The latest vote totals are 48.23 percent in favor of restoring affirmative action, and 51.77 opposed.

A referendum barred the consideration of racial and ethnic preferences in 1998, but the Legislature voted this year to lift the ban. That move prompted a petition drive to put the issue on the ballot.

State election results show the measure passing only in three of the state's counties and losing by wide margins in many of the more rural counties.

In the state, about 4 percent of the population is black, 2 percent Native American, 9 percent Asian American and 13 percent Latinx.

The University of Washington's main campus in Seattle is the most competitive in admissions in the state, and the one where Initiative 200, the ban on consideration of race passed in 1998, has had the greatest impact.

The most recent federal data show the university's student body mix has more Asian Americans (25 percent) than their share of the state population. But the shares of white (42 percent), black (3 percent), Latinx (8 percent) and Native American (less than 1 percent) students lag their share of the state population. (The numbers do not add to 100 because of those who don't identify their background, those who identify in multiple categories and so forth.)

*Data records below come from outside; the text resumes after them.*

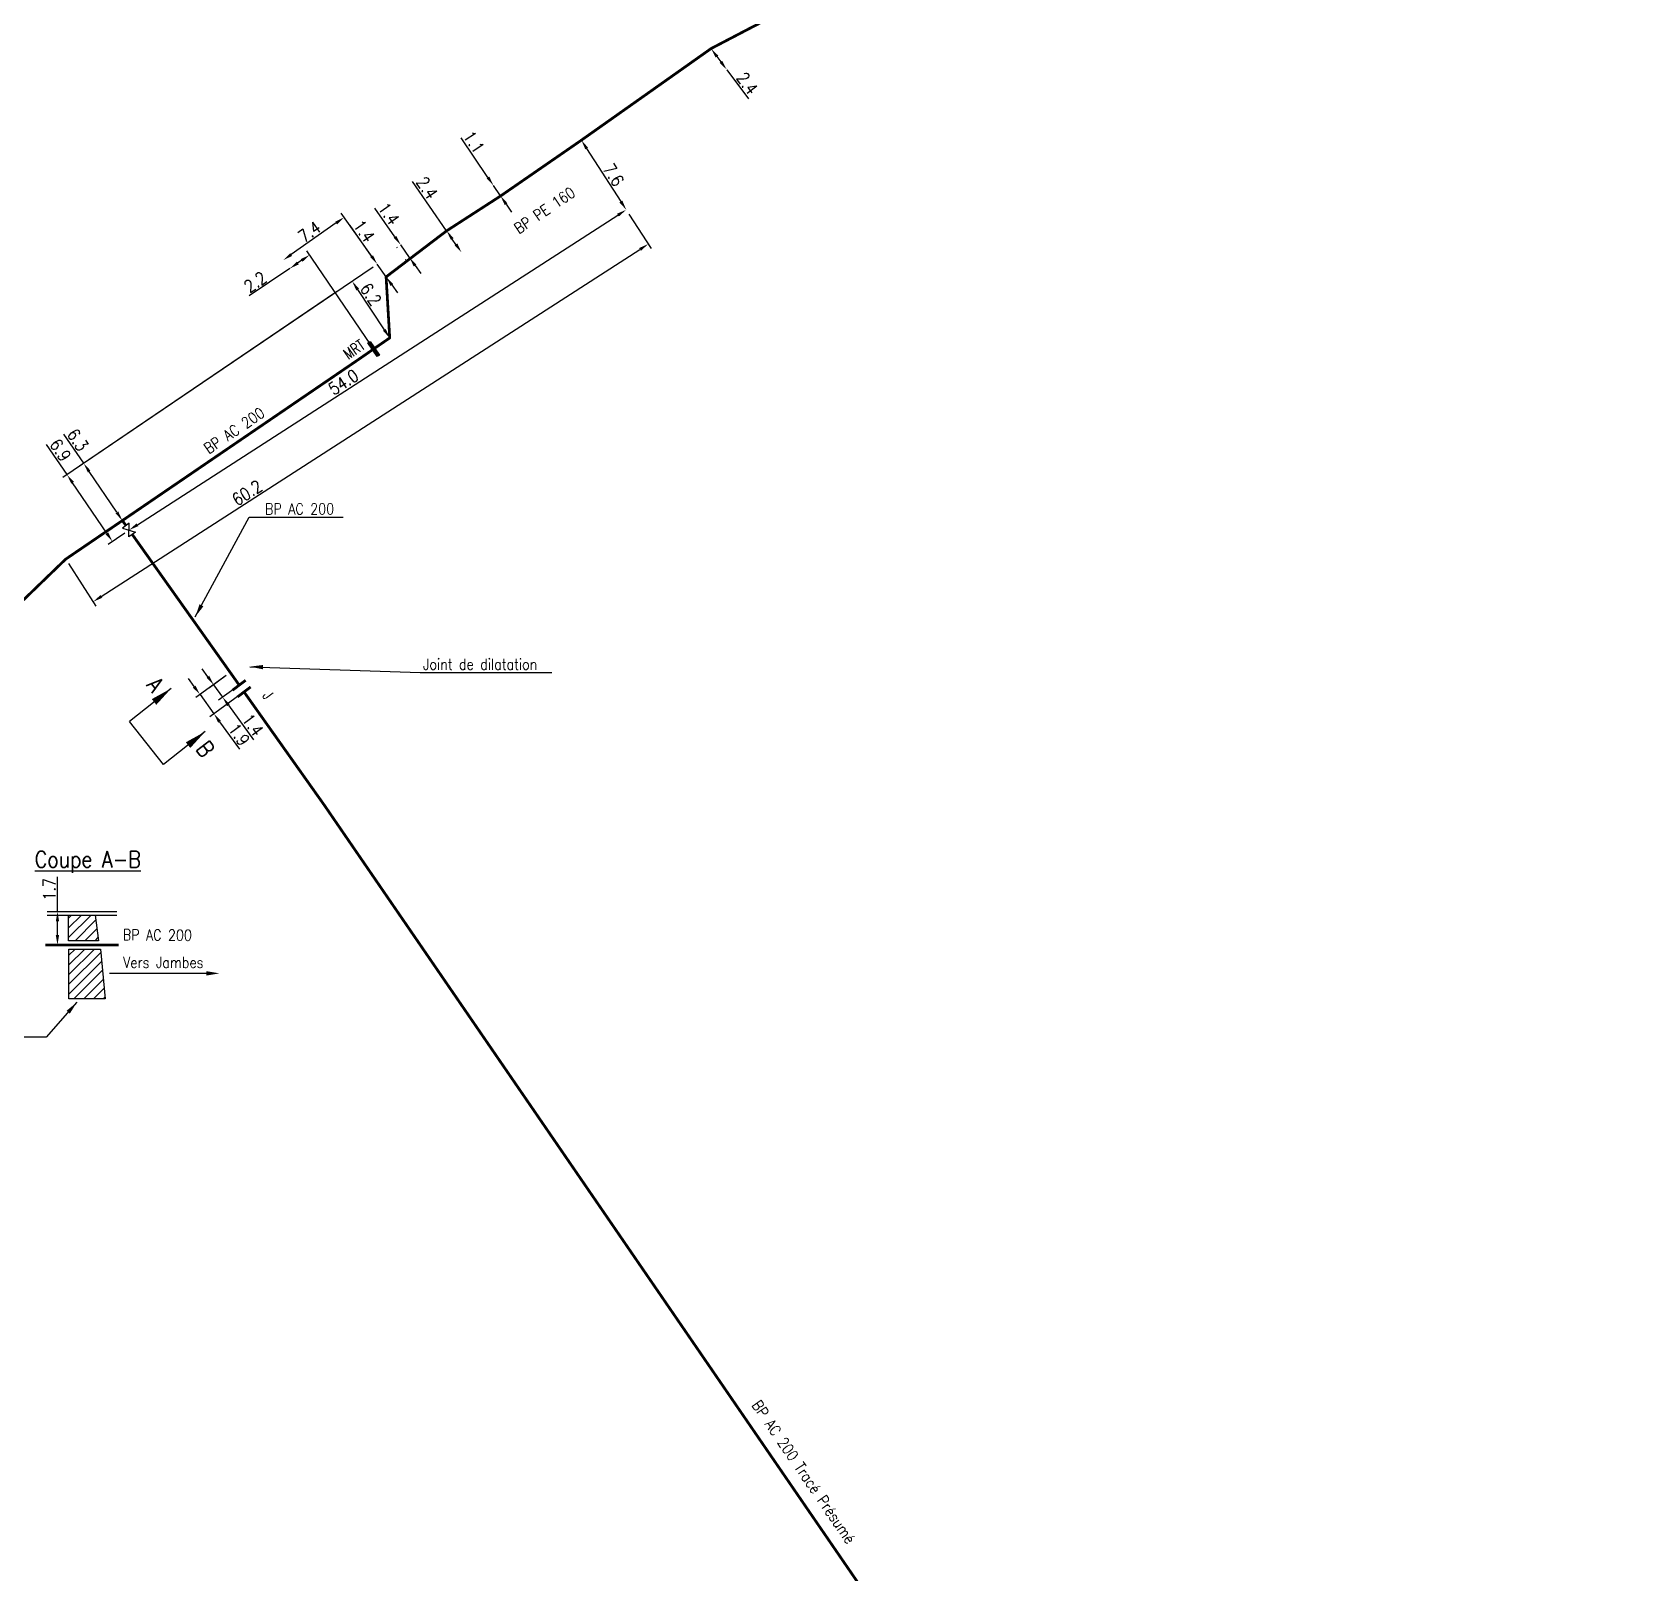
# Model space of a CAD drawing. Header units: millimetres. Extents: x 185000 to 186000, y 127990 to 129010.
# Drawn here: x 185853.4 to 186000.1, y 128120.9 to 128261.5 of the extents above; entities that cross this region are included whole.
import ezdxf
from ezdxf.enums import TextEntityAlignment as Align

# ---------------------------------------------------------------- set-up
doc = ezdxf.new("R2010")
doc.units = ezdxf.units.MM
doc.header["$PDMODE"] = 34
doc.linetypes.add('L_25_AP', pattern=[2000, 1000, 1000])
doc.linetypes.add('L_25_PE', pattern=[2000, 1000, 1000])
doc.layers.get('0').update_dxf_attribs({"linetype": 'CONTINUOUS'})
doc.layers.get('DEFPOINTS').update_dxf_attribs({"linetype": 'CONTINUOUS'})
for name, color, linetype in [('L_150', 1, 'CONTINUOUS'), ('L_300', 7, 'CONTINUOUS'), ('L_340', 7, 'CONTINUOUS'), ('L_900', 7, 'CONTINUOUS'), ('P_310', 7, 'CONTINUOUS')]:
    doc.layers.add(name, color=color, linetype=linetype)
doc.styles.add('G_ROMANS', font='ROMANS.SHX', dxfattribs={"width": 0.75})
doc.styles.get("Standard").update_dxf_attribs({"font": 'romans.shx', "width": 0.85})
doc.dimstyles.new('RASTER', dxfattribs={"dimtxt": 2, "dimasz": 2, "dimexe": 0.75, "dimexo": 0.625, "dimgap": 0.25, "dimtad": 1, "dimlfac": 0.2, "dimzin": 0, "dimdsep": 46, "dimtxsty": 'Standard', "dimcen": 0.5, "dimadec": 0, "dimazin": 0, "dimtfac": 1, "dimtmove": 0, "dimatfit": 3, "dimfxl": 0, "dimtolj": 1, "dimtzin": 0, "dimarcsym": 0})
doc.dimstyles.get("Standard").update_dxf_attribs({"dimtxt": 1.5, "dimasz": 1.2, "dimexe": 0.625, "dimexo": 0.625, "dimgap": 0.25, "dimtad": 1, "dimdec": 1, "dimzin": 0, "dimdsep": 46, "dimtxsty": 'Standard', "dimcen": -0.5, "dimadec": 0, "dimazin": 0, "dimtfac": 1, "dimtdec": 1, "dimtmove": 0, "dimatfit": 3, "dimfxl": 0, "dimtolj": 1, "dimtzin": 0, "dimarcsym": 0})

# ---------------------------------------------------------------- blocks, each defined once
blk = doc.blocks.new('*D423')
at = {"layer": 'DEFPOINTS', "color": 0, "linetype": 'Continuous', "transparency": 16777216}
for p in [(185882.61, 128238.76), (185882.61, 128238.76), (185886.03, 128233.59)]:
    blk.add_point(p, dxfattribs=at)
at = {"layer": 'L_150', "color": 0, "linetype": 'Continuous', "lineweight": -2, "transparency": 16777216}
blk.add_line((185885.54, 128234.34), (185883.11, 128238.01), dxfattribs=at)
at = {"layer": 'L_150', "color": 0, "linetype": 'Continuous', "transparency": 16777216}
for points in [[(185883.23, 128238.09), (185882.98, 128237.92), (185882.61, 128238.76)], [(185885.66, 128234.42), (185885.41, 128234.25), (185886.03, 128233.59)]]:
    blk.add_solid(points, dxfattribs=at)
at = {"layer": 'L_150', "color": 0, "linetype": 'Continuous', "transparency": 16777216, "insert": (185884.3, 128237.56), "char_height": 1.125, "attachment_point": 5, "rotation": 303.4823}
blk.add_mtext('\\A1;6.2', dxfattribs=at)
blk = doc.blocks.new('*D424')
at = {"layer": 'DEFPOINTS', "color": 0, "linetype": 'L_25_PE', "transparency": 16777216}
for p in [(185887.03, 128242.08), (185887.09, 128242.12), (185887.89, 128240.98)]:
    blk.add_point(p, dxfattribs=at)
at = {"layer": 'L_150', "color": 0, "linetype": 'L_25_PE', "lineweight": -2, "transparency": 16777216}
for p, q in [((185886.51, 128242.82), (185884.68, 128245.43)), ((185886.7, 128241.85), (185886.64, 128241.81)), ((185887.83, 128240.93), (185887.03, 128242.08)), ((185887.51, 128240.71), (185887.45, 128240.67)), ((185888.35, 128240.2), (185888.86, 128239.46))]:
    blk.add_line(p, q, dxfattribs=at)
at = {"layer": 'L_150', "color": 0, "linetype": 'L_25_PE', "transparency": 16777216}
for points in [[(185886.63, 128242.9), (185886.39, 128242.73), (185887.03, 128242.08)], [(185888.47, 128240.28), (185888.22, 128240.11), (185887.83, 128240.93)]]:
    blk.add_solid(points, dxfattribs=at)
at = {"layer": 'L_150', "color": 0, "linetype": 'L_25_PE', "transparency": 16777216, "insert": (185885.95, 128244.92), "char_height": 1.125, "attachment_point": 5, "rotation": 304.9716}
blk.add_mtext('\\A1;1.4', dxfattribs=at)
blk = doc.blocks.new('*D425')
at = {"layer": 'DEFPOINTS', "color": 0, "linetype": 'Continuous', "transparency": 16777216}
for p in [(185891.22, 128243.36), (185892.58, 128241.38), (185892.58, 128241.38)]:
    blk.add_point(p, dxfattribs=at)
at = {"layer": 'L_150', "color": 0, "linetype": 'Continuous', "lineweight": -2, "transparency": 16777216}
for p, q in [((185891.22, 128243.36), (185888.12, 128247.85)), ((185892.07, 128242.12), (185891.73, 128242.61))]:
    blk.add_line(p, q, dxfattribs=at)
at = {"layer": 'L_150', "color": 0, "linetype": 'Continuous', "transparency": 16777216}
for points in [[(185891.86, 128242.7), (185891.61, 128242.53), (185891.22, 128243.36)], [(185892.2, 128242.21), (185891.95, 128242.04), (185892.58, 128241.38)]]:
    blk.add_solid(points, dxfattribs=at)
at = {"layer": 'L_150', "color": 0, "linetype": 'Continuous', "transparency": 16777216, "insert": (185889.43, 128247.28), "char_height": 1.125, "attachment_point": 5, "rotation": 304.5816}
blk.add_mtext('\\A1;2.4', dxfattribs=at)
blk = doc.blocks.new('*D426')
at = {"layer": 'DEFPOINTS', "color": 0, "linetype": 'Continuous', "transparency": 16777216}
for p in [(185895.49, 128247.49), (185895.49, 128247.49), (185896.14, 128246.54)]:
    blk.add_point(p, dxfattribs=at)
at = {"layer": 'L_150', "color": 0, "linetype": 'Continuous', "lineweight": -2, "transparency": 16777216}
for p, q in [((185894.99, 128248.24), (185892.54, 128251.86)), ((185896.14, 128246.54), (185895.49, 128247.49)), ((185896.64, 128245.79), (185897.15, 128245.05))]:
    blk.add_line(p, q, dxfattribs=at)
at = {"layer": 'L_150', "color": 0, "linetype": 'Continuous', "transparency": 16777216}
for points in [[(185895.11, 128248.32), (185894.87, 128248.15), (185895.49, 128247.49)], [(185896.77, 128245.88), (185896.52, 128245.71), (185896.14, 128246.54)]]:
    blk.add_solid(points, dxfattribs=at)
at = {"layer": 'L_150', "color": 0, "linetype": 'Continuous', "transparency": 16777216, "insert": (185893.71, 128251.46), "char_height": 1.125, "attachment_point": 5, "rotation": 304.1376}
blk.add_mtext('\\A1;1.1', dxfattribs=at)
blk = doc.blocks.new('*D427')
at = {"layer": 'DEFPOINTS', "color": 0, "linetype": 'Continuous', "transparency": 16777216}
for p in [(185903.51, 128251.63), (185907.6, 128245.28), (185907.6, 128245.28)]:
    blk.add_point(p, dxfattribs=at)
at = {"layer": 'L_150', "color": 0, "linetype": 'Continuous', "lineweight": -2, "transparency": 16777216}
blk.add_line((185903.99, 128250.87), (185907.11, 128246.04), dxfattribs=at)
at = {"layer": 'L_150', "color": 0, "linetype": 'Continuous', "transparency": 16777216}
for points in [[(185904.12, 128250.95), (185903.87, 128250.79), (185903.51, 128251.63)], [(185907.24, 128246.12), (185906.98, 128245.95), (185907.6, 128245.28)]]:
    blk.add_solid(points, dxfattribs=at)
at = {"layer": 'L_150', "color": 0, "linetype": 'Continuous', "transparency": 16777216, "insert": (185906.44, 128248.46), "char_height": 1.125, "attachment_point": 5, "rotation": 302.8067}
blk.add_mtext('\\A1;7.6', dxfattribs=at)
blk = doc.blocks.new('*D428')
at = {"layer": 'DEFPOINTS', "color": 0, "linetype": 'Continuous', "transparency": 16777216}
for p in [(185915.34, 128259.99), (185916.77, 128258.06), (185916.77, 128258.06)]:
    blk.add_point(p, dxfattribs=at)
at = {"layer": 'L_150', "color": 0, "linetype": 'Continuous', "lineweight": -2, "transparency": 16777216}
for p, q in [((185915.87, 128259.26), (185916.23, 128258.78)), ((185916.77, 128258.06), (185918.75, 128255.39))]:
    blk.add_line(p, q, dxfattribs=at)
at = {"layer": 'L_150', "color": 0, "linetype": 'Continuous', "transparency": 16777216}
for points in [[(185915.99, 128259.35), (185915.75, 128259.17), (185915.34, 128259.99)], [(185916.35, 128258.87), (185916.11, 128258.69), (185916.77, 128258.06)]]:
    blk.add_solid(points, dxfattribs=at)
at = {"layer": 'L_150', "color": 0, "linetype": 'Continuous', "transparency": 16777216, "insert": (185918.63, 128256.81), "char_height": 1.125, "attachment_point": 5, "rotation": 306.5646}
blk.add_mtext('\\A1;2.4', dxfattribs=at)
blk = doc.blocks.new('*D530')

A 2006 article in the journal Sociology of Education documented the impact of Initiative 200 on applications to the University of Washington. The article (abstract available here) found that, in the year following passage of the initiative, the percentage of nonwhite new high school graduates who went on to college dropped by two to three percentage points. Statewide, the drop was in part reversed.

The impact was greatest, and was sustained, at the University of Washington, the study found. Black, Latinx and Native American enrollment made up 8.2 percent of freshman enrollment at the University of Washington in the last year before 200 passed. It fell to 5.7 percent in the first class after 200, according to the study, by Susan K. Brown and Charles Hirschman.